Abstract
In an accompanying paper, we show that the mitochondrial Unfolded Protein Response or mtUPR is initiated by the activation of transcription of chop through an AP-1 element in the chop promoter. Further, we show that the c/ebpβ gene is similarly activated and CHOP and C/EBPβ subsequently hetero-dimerise to activate transcription of mtUPR responsive genes. Here, we report the discovery of six additional mtUPR responsive genes. We found that these genes encoding mitochondrial proteases YME1L1 and MPPβ, import component Tim17A and enzymes NDUFB2, endonuclease G and thioredoxin 2, all contain a CHOP element in their promoters. In contrast, genes encoding mitochondrial proteins Afg3L2, Paraplegin, Lon and SAM 50, which do not have a CHOP element, were not up-regulated. Conversely, genes with CHOP elements encoding cytosolic proteins were not induced by the accumulation of unfolded proteins in mitochondria. These results indicate that mtUPR responsive genes appear to share a requirement for a CHOP element, but that this is not sufficient for the regulation of the mtUPR. A more detailed analysis of promoters of mtUPR responsive genes revealed at least two additional highly conserved, putative regulatory sites either side of the CHOP element, one a motif of 12 bp which lies 14 bp upstream of the CHOP site and another 9 bp element, 2 bp downstream of the CHOP site. Both of these additional elements are conserved in the promoters of 9 of the ten mtUPR responsive genes we have identified so far, the exception being the Cpn60/10 bidirectional promoter. Mutation of each of these elements substantially reduced the mtUPR responsiveness of the promoters suggesting that these elements coordinately regulate mtUPR.
Introduction
Cells respond to a wide variety of stresses through the transcriptional activation of genes that harbor stress elements within their promoters. The heat shock element (HSE) is found in promoters of genes encoding proteins representative of all compartments [1], enabling cells to respond to global stresses by the increased synthesis of heat shock proteins and other molecular chaperones involved in repair.

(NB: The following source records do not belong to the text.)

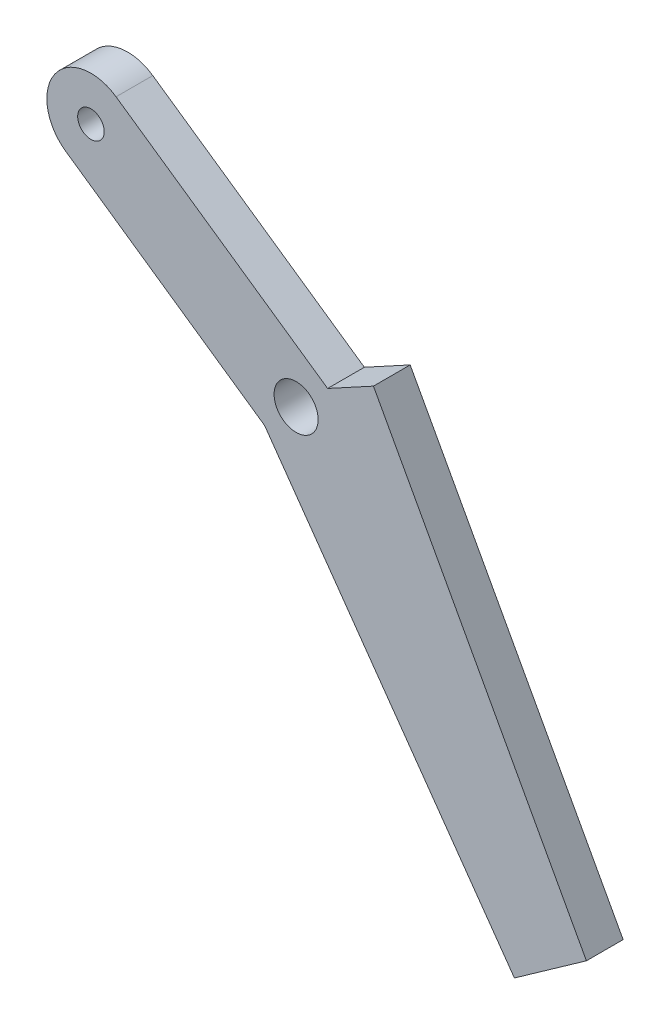
ISO-10303-21;
HEADER;
FILE_DESCRIPTION(('STEP AP214'),'2;1');
FILE_NAME('part.step','',(''),(''),'','','');
FILE_SCHEMA(('AUTOMOTIVE_DESIGN { 1 0 10303 214 1 1 1 1 }'));
ENDSEC;
DATA;
#1=APPLICATION_CONTEXT('core data for automotive mechanical design processes');
#2=APPLICATION_PROTOCOL_DEFINITION('international standard','automotive_design',2000,#1);
#3=PRODUCT_CONTEXT('',#1,'mechanical');
#4=PRODUCT('Part','Part','',(#3));
#5=PRODUCT_RELATED_PRODUCT_CATEGORY('part','',(#4));
#6=PRODUCT_DEFINITION_FORMATION('','',#4);
#7=PRODUCT_DEFINITION_CONTEXT('part definition',#1,'design');
#8=PRODUCT_DEFINITION('design','',#6,#7);
#9=PRODUCT_DEFINITION_SHAPE('','',#8);
#10=(LENGTH_UNIT() NAMED_UNIT(*) SI_UNIT(.MILLI.,.METRE.));
#11=(NAMED_UNIT(*) PLANE_ANGLE_UNIT() SI_UNIT($,.RADIAN.));
#12=(NAMED_UNIT(*) SI_UNIT($,.STERADIAN.) SOLID_ANGLE_UNIT());
#13=UNCERTAINTY_MEASURE_WITH_UNIT(LENGTH_MEASURE(1.E-05),#10,'distance_accuracy_value','');
#14=(GEOMETRIC_REPRESENTATION_CONTEXT(3) GLOBAL_UNCERTAINTY_ASSIGNED_CONTEXT((#13)) GLOBAL_UNIT_ASSIGNED_CONTEXT((#10,
#11,#12)) REPRESENTATION_CONTEXT('',''));
#15=CARTESIAN_POINT('',(0.,0.,0.));
#16=DIRECTION('',(0.,0.,1.));
#17=DIRECTION('',(1.,0.,0.));
#18=AXIS2_PLACEMENT_3D('',#15,#16,#17);
#19=CARTESIAN_POINT('',(36.7403272001533,52.945063432731,-2.5));
#20=DIRECTION('',(0.570112302985173,0.821566772687979,0.));
#21=DIRECTION('',(-0.821566772687979,0.570112302985173,0.));
#22=AXIS2_PLACEMENT_3D('',#19,#20,#21);
#23=PLANE('',#22);
#24=DIRECTION('',(0.821566772687979,-0.570112302985173,0.));
#25=VECTOR('',#24,1.);
#26=CARTESIAN_POINT('',(36.7403272001533,52.945063432731,0.));
#27=LINE('',#26,#25);
#28=CARTESIAN_POINT('',(176.598168195802,-44.1069090559931,0.));
#29=VERTEX_POINT('',#28);
#30=CARTESIAN_POINT('',(190.999396496933,-54.1003967498914,0.));
#31=VERTEX_POINT('',#30);
#32=EDGE_CURVE('E132',#29,#31,#27,.T.);
#33=ORIENTED_EDGE('',*,*,#32,.T.);
#34=DIRECTION('',(0.,0.,1.));
#35=VECTOR('',#34,1.);
#36=CARTESIAN_POINT('',(190.999396496933,-54.1003967498914,-2.5));
#37=LINE('',#36,#35);
#38=CARTESIAN_POINT('',(190.999396496933,-54.1003967498914,-2.5));
#39=VERTEX_POINT('',#38);
#40=EDGE_CURVE('E128',#39,#31,#37,.T.);
#41=ORIENTED_EDGE('',*,*,#40,.F.);
#42=DIRECTION('',(0.821566772687979,-0.570112302985173,0.));
#43=VECTOR('',#42,1.);
#44=CARTESIAN_POINT('',(36.7403272001533,52.945063432731,-2.5));
#45=LINE('',#44,#43);
#46=CARTESIAN_POINT('',(176.598168195802,-44.1069090559931,-2.5));
#47=VERTEX_POINT('',#46);
#48=EDGE_CURVE('E168',#47,#39,#45,.T.);
#49=ORIENTED_EDGE('',*,*,#48,.F.);
#50=DIRECTION('',(0.,0.,1.));
#51=VECTOR('',#50,1.);
#52=CARTESIAN_POINT('',(176.598168195802,-44.1069090559931,-2.5));
#53=LINE('',#52,#51);
#54=EDGE_CURVE('E11',#47,#29,#53,.T.);
#55=ORIENTED_EDGE('',*,*,#54,.T.);
#56=EDGE_LOOP('',(#33,#41,#49,#55));
#57=FACE_BOUND('',#56,.T.);
#58=ADVANCED_FACE('F34',(#57),#23,.T.);
#59=CARTESIAN_POINT('',(174.887831286847,-46.571609374057,-2.5));
#60=DIRECTION('',(0.,0.,1.));
#61=DIRECTION('',(-1.,0.,0.));
#62=AXIS2_PLACEMENT_3D('',#59,#60,#61);
#63=CYLINDRICAL_SURFACE('',#62,2.99999999999999);
#64=CARTESIAN_POINT('',(174.887831286847,-46.571609374057,0.));
#65=DIRECTION('',(0.,0.,1.));
#66=DIRECTION('',(1.,0.,0.));
#67=AXIS2_PLACEMENT_3D('',#64,#65,#66);
#68=CIRCLE('',#67,2.99999999999999);
#69=CARTESIAN_POINT('',(173.177494377891,-49.036309692121,0.));
#70=VERTEX_POINT('',#69);
#71=EDGE_CURVE('E135',#29,#70,#68,.T.);
#72=ORIENTED_EDGE('',*,*,#71,.F.);
#73=ORIENTED_EDGE('',*,*,#54,.F.);
#74=CARTESIAN_POINT('',(174.887831286847,-46.571609374057,-2.5));
#75=DIRECTION('',(0.,0.,1.));
#76=DIRECTION('',(1.,0.,0.));
#77=AXIS2_PLACEMENT_3D('',#74,#75,#76);
#78=CIRCLE('',#77,2.99999999999999);
#79=CARTESIAN_POINT('',(173.177494377891,-49.036309692121,-2.5));
#80=VERTEX_POINT('',#79);
#81=EDGE_CURVE('E86',#47,#80,#78,.T.);
#82=ORIENTED_EDGE('',*,*,#81,.T.);
#83=DIRECTION('',(0.,0.,1.));
#84=VECTOR('',#83,1.);
#85=CARTESIAN_POINT('',(173.177494377891,-49.036309692121,-2.5));
#86=LINE('',#85,#84);
#87=EDGE_CURVE('E43',#80,#70,#86,.T.);
#88=ORIENTED_EDGE('',*,*,#87,.T.);
#89=EDGE_LOOP('',(#72,#73,#82,#88));
#90=FACE_BOUND('',#89,.T.);
#91=ADVANCED_FACE('F160',(#90),#63,.T.);
#92=CARTESIAN_POINT('',(33.3196533822423,48.0156627966031,-2.5));
#93=DIRECTION('',(0.570112302985173,0.821566772687979,0.));
#94=DIRECTION('',(-0.821566772687979,0.570112302985173,0.));
#95=AXIS2_PLACEMENT_3D('',#92,#93,#94);
#96=PLANE('',#95);
#97=DIRECTION('',(0.82156677268798,-0.570112302985173,0.));
#98=VECTOR('',#97,1.);
#99=CARTESIAN_POINT('',(33.3196533822423,48.0156627966031,0.));
#100=LINE('',#99,#98);
#101=CARTESIAN_POINT('',(186.709536348152,-58.4266402997185,0.));
#102=VERTEX_POINT('',#101);
#103=EDGE_CURVE('E138',#70,#102,#100,.T.);
#104=ORIENTED_EDGE('',*,*,#103,.F.);
#105=ORIENTED_EDGE('',*,*,#87,.F.);
#106=DIRECTION('',(0.82156677268798,-0.570112302985173,0.));
#107=VECTOR('',#106,1.);
#108=CARTESIAN_POINT('',(33.3196533822423,48.0156627966031,-2.5));
#109=LINE('',#108,#107);
#110=CARTESIAN_POINT('',(186.709536348152,-58.4266402997185,-2.5));
#111=VERTEX_POINT('',#110);
#112=EDGE_CURVE('E120',#80,#111,#109,.T.);
#113=ORIENTED_EDGE('',*,*,#112,.T.);
#114=DIRECTION('',(0.,0.,1.));
#115=VECTOR('',#114,1.);
#116=CARTESIAN_POINT('',(186.709536348152,-58.4266402997185,-2.5));
#117=LINE('',#116,#115);
#118=EDGE_CURVE('E155',#111,#102,#117,.T.);
#119=ORIENTED_EDGE('',*,*,#118,.T.);
#120=EDGE_LOOP('',(#104,#105,#113,#119));
#121=FACE_BOUND('',#120,.T.);
#122=ADVANCED_FACE('F173',(#121),#96,.F.);
#123=CARTESIAN_POINT('',(97.0070354424607,68.5373410183082,-2.5));
#124=DIRECTION('',(0.816722709480777,0.577030342199072,0.));
#125=DIRECTION('',(-0.577030342199072,0.816722709480777,0.));
#126=AXIS2_PLACEMENT_3D('',#123,#124,#125);
#127=PLANE('',#126);
#128=DIRECTION('',(0.577030342199073,-0.816722709480777,0.));
#129=VECTOR('',#128,1.);
#130=CARTESIAN_POINT('',(97.0070354424607,68.5373410183082,0.));
#131=LINE('',#130,#129);
#132=CARTESIAN_POINT('',(203.715208560072,-82.4962908358255,0.));
#133=VERTEX_POINT('',#132);
#134=EDGE_CURVE('E141',#102,#133,#131,.T.);
#135=ORIENTED_EDGE('',*,*,#134,.F.);
#136=ORIENTED_EDGE('',*,*,#118,.F.);
#137=DIRECTION('',(0.577030342199073,-0.816722709480777,0.));
#138=VECTOR('',#137,1.);
#139=CARTESIAN_POINT('',(97.0070354424607,68.5373410183082,-2.5));
#140=LINE('',#139,#138);
#141=CARTESIAN_POINT('',(203.715208560072,-82.4962908358255,-2.5));
#142=VERTEX_POINT('',#141);
#143=EDGE_CURVE('E118',#111,#142,#140,.T.);
#144=ORIENTED_EDGE('',*,*,#143,.T.);
#145=DIRECTION('',(0.,0.,1.));
#146=VECTOR('',#145,1.);
#147=CARTESIAN_POINT('',(203.715208560072,-82.4962908358255,-2.5));
#148=LINE('',#147,#146);
#149=EDGE_CURVE('E112',#142,#133,#148,.T.);
#150=ORIENTED_EDGE('',*,*,#149,.T.);
#151=EDGE_LOOP('',(#135,#136,#144,#150));
#152=FACE_BOUND('',#151,.T.);
#153=ADVANCED_FACE('F176',(#152),#127,.F.);
#154=CARTESIAN_POINT('',(106.708173117611,-151.033631854134,-2.5));
#155=DIRECTION('',(-0.57703034219907,0.816722709480779,0.));
#156=DIRECTION('',(-0.816722709480779,-0.57703034219907,0.));
#157=AXIS2_PLACEMENT_3D('',#154,#155,#156);
#158=PLANE('',#157);
#159=DIRECTION('',(0.816722709480779,0.57703034219907,0.));
#160=VECTOR('',#159,1.);
#161=CARTESIAN_POINT('',(106.708173117611,-151.033631854134,0.));
#162=LINE('',#161,#160);
#163=CARTESIAN_POINT('',(208.615544816957,-79.0341087826311,0.));
#164=VERTEX_POINT('',#163);
#165=EDGE_CURVE('E144',#133,#164,#162,.T.);
#166=ORIENTED_EDGE('',*,*,#165,.F.);
#167=ORIENTED_EDGE('',*,*,#149,.F.);
#168=DIRECTION('',(0.816722709480779,0.57703034219907,0.));
#169=VECTOR('',#168,1.);
#170=CARTESIAN_POINT('',(106.708173117611,-151.033631854134,-2.5));
#171=LINE('',#170,#169);
#172=CARTESIAN_POINT('',(208.615544816957,-79.0341087826311,-2.5));
#173=VERTEX_POINT('',#172);
#174=EDGE_CURVE('E102',#142,#173,#171,.T.);
#175=ORIENTED_EDGE('',*,*,#174,.T.);
#176=DIRECTION('',(0.,0.,1.));
#177=VECTOR('',#176,1.);
#178=CARTESIAN_POINT('',(208.615544816957,-79.0341087826311,-2.5));
#179=LINE('',#178,#177);
#180=EDGE_CURVE('E107',#173,#164,#179,.T.);
#181=ORIENTED_EDGE('',*,*,#180,.T.);
#182=EDGE_LOOP('',(#166,#167,#175,#181));
#183=FACE_BOUND('',#182,.T.);
#184=ADVANCED_FACE('F115',(#183),#158,.F.);
#185=CARTESIAN_POINT('',(127.740995685432,69.5361116307564,-2.5));
#186=DIRECTION('',(-0.878302210072713,-0.478105875075163,0.));
#187=DIRECTION('',(0.478105875075163,-0.878302210072713,0.));
#188=AXIS2_PLACEMENT_3D('',#185,#186,#187);
#189=PLANE('',#188);
#190=DIRECTION('',(-0.478105875075163,0.878302210072713,0.));
#191=VECTOR('',#190,1.);
#192=CARTESIAN_POINT('',(127.740995685432,69.5361116307564,0.));
#193=LINE('',#192,#191);
#194=CARTESIAN_POINT('',(194.118553111525,-52.4024765060244,0.));
#195=VERTEX_POINT('',#194);
#196=EDGE_CURVE('E109',#164,#195,#193,.T.);
#197=ORIENTED_EDGE('',*,*,#196,.F.);
#198=ORIENTED_EDGE('',*,*,#180,.F.);
#199=DIRECTION('',(-0.478105875075163,0.878302210072713,0.));
#200=VECTOR('',#199,1.);
#201=CARTESIAN_POINT('',(127.740995685432,69.5361116307564,-2.5));
#202=LINE('',#201,#200);
#203=CARTESIAN_POINT('',(194.118553111525,-52.4024765060244,-2.5));
#204=VERTEX_POINT('',#203);
#205=EDGE_CURVE('E97',#173,#204,#202,.T.);
#206=ORIENTED_EDGE('',*,*,#205,.T.);
#207=DIRECTION('',(0.,0.,1.));
#208=VECTOR('',#207,1.);
#209=CARTESIAN_POINT('',(194.118553111525,-52.4024765060244,-2.5));
#210=LINE('',#209,#208);
#211=EDGE_CURVE('E113',#204,#195,#210,.T.);
#212=ORIENTED_EDGE('',*,*,#211,.T.);
#213=EDGE_LOOP('',(#197,#198,#206,#212));
#214=FACE_BOUND('',#213,.T.);
#215=ADVANCED_FACE('F108',(#214),#189,.F.);
#216=CARTESIAN_POINT('',(66.3775574260927,-121.938588136781,-2.5));
#217=DIRECTION('',(-0.478105875075164,0.878302210072713,0.));
#218=DIRECTION('',(-0.878302210072713,-0.478105875075164,0.));
#219=AXIS2_PLACEMENT_3D('',#216,#217,#218);
#220=PLANE('',#219);
#221=DIRECTION('',(0.878302210072713,0.478105875075164,0.));
#222=VECTOR('',#221,1.);
#223=CARTESIAN_POINT('',(66.3775574260927,-121.938588136781,0.));
#224=LINE('',#223,#222);
#225=EDGE_CURVE('E74',#31,#195,#224,.T.);
#226=ORIENTED_EDGE('',*,*,#225,.T.);
#227=ORIENTED_EDGE('',*,*,#211,.F.);
#228=DIRECTION('',(0.878302210072713,0.478105875075164,0.));
#229=VECTOR('',#228,1.);
#230=CARTESIAN_POINT('',(66.3775574260927,-121.938588136781,-2.5));
#231=LINE('',#230,#229);
#232=EDGE_CURVE('E51',#39,#204,#231,.T.);
#233=ORIENTED_EDGE('',*,*,#232,.F.);
#234=ORIENTED_EDGE('',*,*,#40,.T.);
#235=EDGE_LOOP('',(#226,#227,#233,#234));
#236=FACE_BOUND('',#235,.T.);
#237=ADVANCED_FACE('F215',(#236),#220,.T.);
#238=CARTESIAN_POINT('',(188.854466422543,-56.263518524805,-2.5));
#239=DIRECTION('',(0.,0.,1.));
#240=DIRECTION('',(-1.,0.,0.));
#241=AXIS2_PLACEMENT_3D('',#238,#239,#240);
#242=CYLINDRICAL_SURFACE('',#241,1.5);
#243=CARTESIAN_POINT('',(188.854466422543,-56.263518524805,-2.5));
#244=DIRECTION('',(0.,0.,1.));
#245=DIRECTION('',(1.,0.,0.));
#246=AXIS2_PLACEMENT_3D('',#243,#244,#245);
#247=CIRCLE('',#246,1.5);
#248=CARTESIAN_POINT('',(190.354466422543,-56.263518524805,-2.5));
#249=VERTEX_POINT('',#248);
#250=EDGE_CURVE('E151',#249,#249,#247,.T.);
#251=ORIENTED_EDGE('',*,*,#250,.F.);
#252=EDGE_LOOP('',(#251));
#253=FACE_BOUND('',#252,.T.);
#254=CARTESIAN_POINT('',(188.854466422543,-56.263518524805,0.));
#255=DIRECTION('',(0.,0.,1.));
#256=DIRECTION('',(1.,0.,0.));
#257=AXIS2_PLACEMENT_3D('',#254,#255,#256);
#258=CIRCLE('',#257,1.5);
#259=CARTESIAN_POINT('',(190.354466422543,-56.263518524805,0.));
#260=VERTEX_POINT('',#259);
#261=EDGE_CURVE('E129',#260,#260,#258,.T.);
#262=ORIENTED_EDGE('',*,*,#261,.T.);
#263=EDGE_LOOP('',(#262));
#264=FACE_BOUND('',#263,.T.);
#265=ADVANCED_FACE('F36',(#253,#264),#242,.F.);
#266=CARTESIAN_POINT('',(174.887831286847,-46.571609374057,-2.5));
#267=DIRECTION('',(0.,0.,1.));
#268=DIRECTION('',(-1.,0.,0.));
#269=AXIS2_PLACEMENT_3D('',#266,#267,#268);
#270=CYLINDRICAL_SURFACE('',#269,0.901496021214135);
#271=CARTESIAN_POINT('',(174.887831286847,-46.571609374057,-2.5));
#272=DIRECTION('',(0.,0.,1.));
#273=DIRECTION('',(1.,0.,0.));
#274=AXIS2_PLACEMENT_3D('',#271,#272,#273);
#275=CIRCLE('',#274,0.901496021214135);
#276=CARTESIAN_POINT('',(175.789327308061,-46.571609374057,-2.5));
#277=VERTEX_POINT('',#276);
#278=EDGE_CURVE('E125',#277,#277,#275,.T.);
#279=ORIENTED_EDGE('',*,*,#278,.F.);
#280=EDGE_LOOP('',(#279));
#281=FACE_BOUND('',#280,.T.);
#282=CARTESIAN_POINT('',(174.887831286847,-46.571609374057,0.));
#283=DIRECTION('',(0.,0.,1.));
#284=DIRECTION('',(1.,0.,0.));
#285=AXIS2_PLACEMENT_3D('',#282,#283,#284);
#286=CIRCLE('',#285,0.901496021214135);
#287=CARTESIAN_POINT('',(175.789327308061,-46.571609374057,0.));
#288=VERTEX_POINT('',#287);
#289=EDGE_CURVE('E148',#288,#288,#286,.T.);
#290=ORIENTED_EDGE('',*,*,#289,.T.);
#291=EDGE_LOOP('',(#290));
#292=FACE_BOUND('',#291,.T.);
#293=ADVANCED_FACE('F232',(#281,#292),#270,.F.);
#294=CARTESIAN_POINT('',(0.,0.,-2.5));
#295=DIRECTION('',(0.,0.,-1.));
#296=DIRECTION('',(1.,0.,0.));
#297=AXIS2_PLACEMENT_3D('',#294,#295,#296);
#298=PLANE('',#297);
#299=ORIENTED_EDGE('',*,*,#250,.T.);
#300=EDGE_LOOP('',(#299));
#301=FACE_BOUND('',#300,.T.);
#302=ORIENTED_EDGE('',*,*,#48,.T.);
#303=ORIENTED_EDGE('',*,*,#232,.T.);
#304=ORIENTED_EDGE('',*,*,#205,.F.);
#305=ORIENTED_EDGE('',*,*,#174,.F.);
#306=ORIENTED_EDGE('',*,*,#143,.F.);
#307=ORIENTED_EDGE('',*,*,#112,.F.);
#308=ORIENTED_EDGE('',*,*,#81,.F.);
#309=EDGE_LOOP('',(#302,#303,#304,#305,#306,#307,#308));
#310=FACE_BOUND('',#309,.T.);
#311=ORIENTED_EDGE('',*,*,#278,.T.);
#312=EDGE_LOOP('',(#311));
#313=FACE_BOUND('',#312,.T.);
#314=ADVANCED_FACE('F99',(#301,#310,#313),#298,.T.);
#315=CARTESIAN_POINT('',(0.,0.,0.));
#316=DIRECTION('',(0.,0.,-1.));
#317=DIRECTION('',(1.,0.,0.));
#318=AXIS2_PLACEMENT_3D('',#315,#316,#317);
#319=PLANE('',#318);
#320=ORIENTED_EDGE('',*,*,#261,.F.);
#321=EDGE_LOOP('',(#320));
#322=FACE_BOUND('',#321,.T.);
#323=ORIENTED_EDGE('',*,*,#32,.F.);
#324=ORIENTED_EDGE('',*,*,#71,.T.);
#325=ORIENTED_EDGE('',*,*,#103,.T.);
#326=ORIENTED_EDGE('',*,*,#134,.T.);
#327=ORIENTED_EDGE('',*,*,#165,.T.);
#328=ORIENTED_EDGE('',*,*,#196,.T.);
#329=ORIENTED_EDGE('',*,*,#225,.F.);
#330=EDGE_LOOP('',(#323,#324,#325,#326,#327,#328,#329));
#331=FACE_BOUND('',#330,.T.);
#332=ORIENTED_EDGE('',*,*,#289,.F.);
#333=EDGE_LOOP('',(#332));
#334=FACE_BOUND('',#333,.T.);
#335=ADVANCED_FACE('F163',(#322,#331,#334),#319,.F.);
#336=CLOSED_SHELL('',(#58,#91,#122,#153,#184,#215,#237,#265,#293,#314,#335));
#337=MANIFOLD_SOLID_BREP('B2',#336);
#338=ADVANCED_BREP_SHAPE_REPRESENTATION('',(#18,#337),#14);
#339=SHAPE_DEFINITION_REPRESENTATION(#9,#338);
ENDSEC;
END-ISO-10303-21;

On the other hand, cells can also respond to stresses that are specific to individual organelles. For example, the endoplasmic reticulum (ER) unfolded protein response (erUPR) [2], wherein a wide range of genes encoding proteins involved in the maintenance of ER function are up-regulated in species ranging from yeast to human [3]. In mammalian cells, erUPR has three signaling pathways, Ire1 [4], PERK [5], and ATF6 [6], wherein PERK plays a major role in ER stress-induced translational attenuation [4]. ATF6 is activated by proteolysis and binds in the presence of NF-Y directly to the cis –acting element (CCAAT-N9-CCACG) to induce ER stress-inducible proteins which include molecular chaperones such as the ER isoform of HSP70 (also known as BIP or GRP78), GRP94, GRP170, calreticulin, peptidyl-prolyl-cis-trans-isomerase (FKBP13), protein disulfide isomerase (PDI), and PDI superfamily proteins ERp72, ERp57, and ERp29 [reviewed in 7]. The ATF6 pathway also activates transcription of the chop gene encoding a bZIP transcription factor CHOP (C/EBP homology protein). CHOP expression is regulated by a number of transcriptional and translational mechanism [8] and it has recently been shown that the induction of CHOP by erUPR leads to the transcriptional activation of BIM, leading in turn to apoptosis [9].
The mitochondrial matrix also contains its own set of molecular chaperones involved in the folding of newly imported proteins, and also for the folding of some of the 13 polypeptides encoded by mtDNA [10]. We previously reported on the discovery of a mitochondrial unfolded protein response (mtUPR) in mammalian cells, in which the accumulation of unfolded protein within the mitochondrial matrix resulted in the transcriptional upregulation of nuclear genes encoding mitochondrial stress proteins such as chaperonin 60 (Cpn60), chaperonin 10 (Cpn10), mtDnaJ and ClpP, but not those encoding stress proteins of the endoplasmic reticulum (ER) or the cytosol [11], [12]. Moreover, analysis of the cpn60/10 bidirectional promoter identified a CHOP element (GG/ATTGCA) as the mitochondrial stress response (mtUPR) element and CHOP, in association with C/EBPβ, was shown to regulate expression of mitochondrial stress genes in response to the accumulation of unfolded proteins in the matrix of mitochondria [12]. Further studies suggest that mtUPR is regulated via a 2 stage process, involving the transcriptional activation of a primary set of genes (chop, c/ebpβ) which subsequently activate transcription of mtUPR responsive genes containing the CHOP element [13].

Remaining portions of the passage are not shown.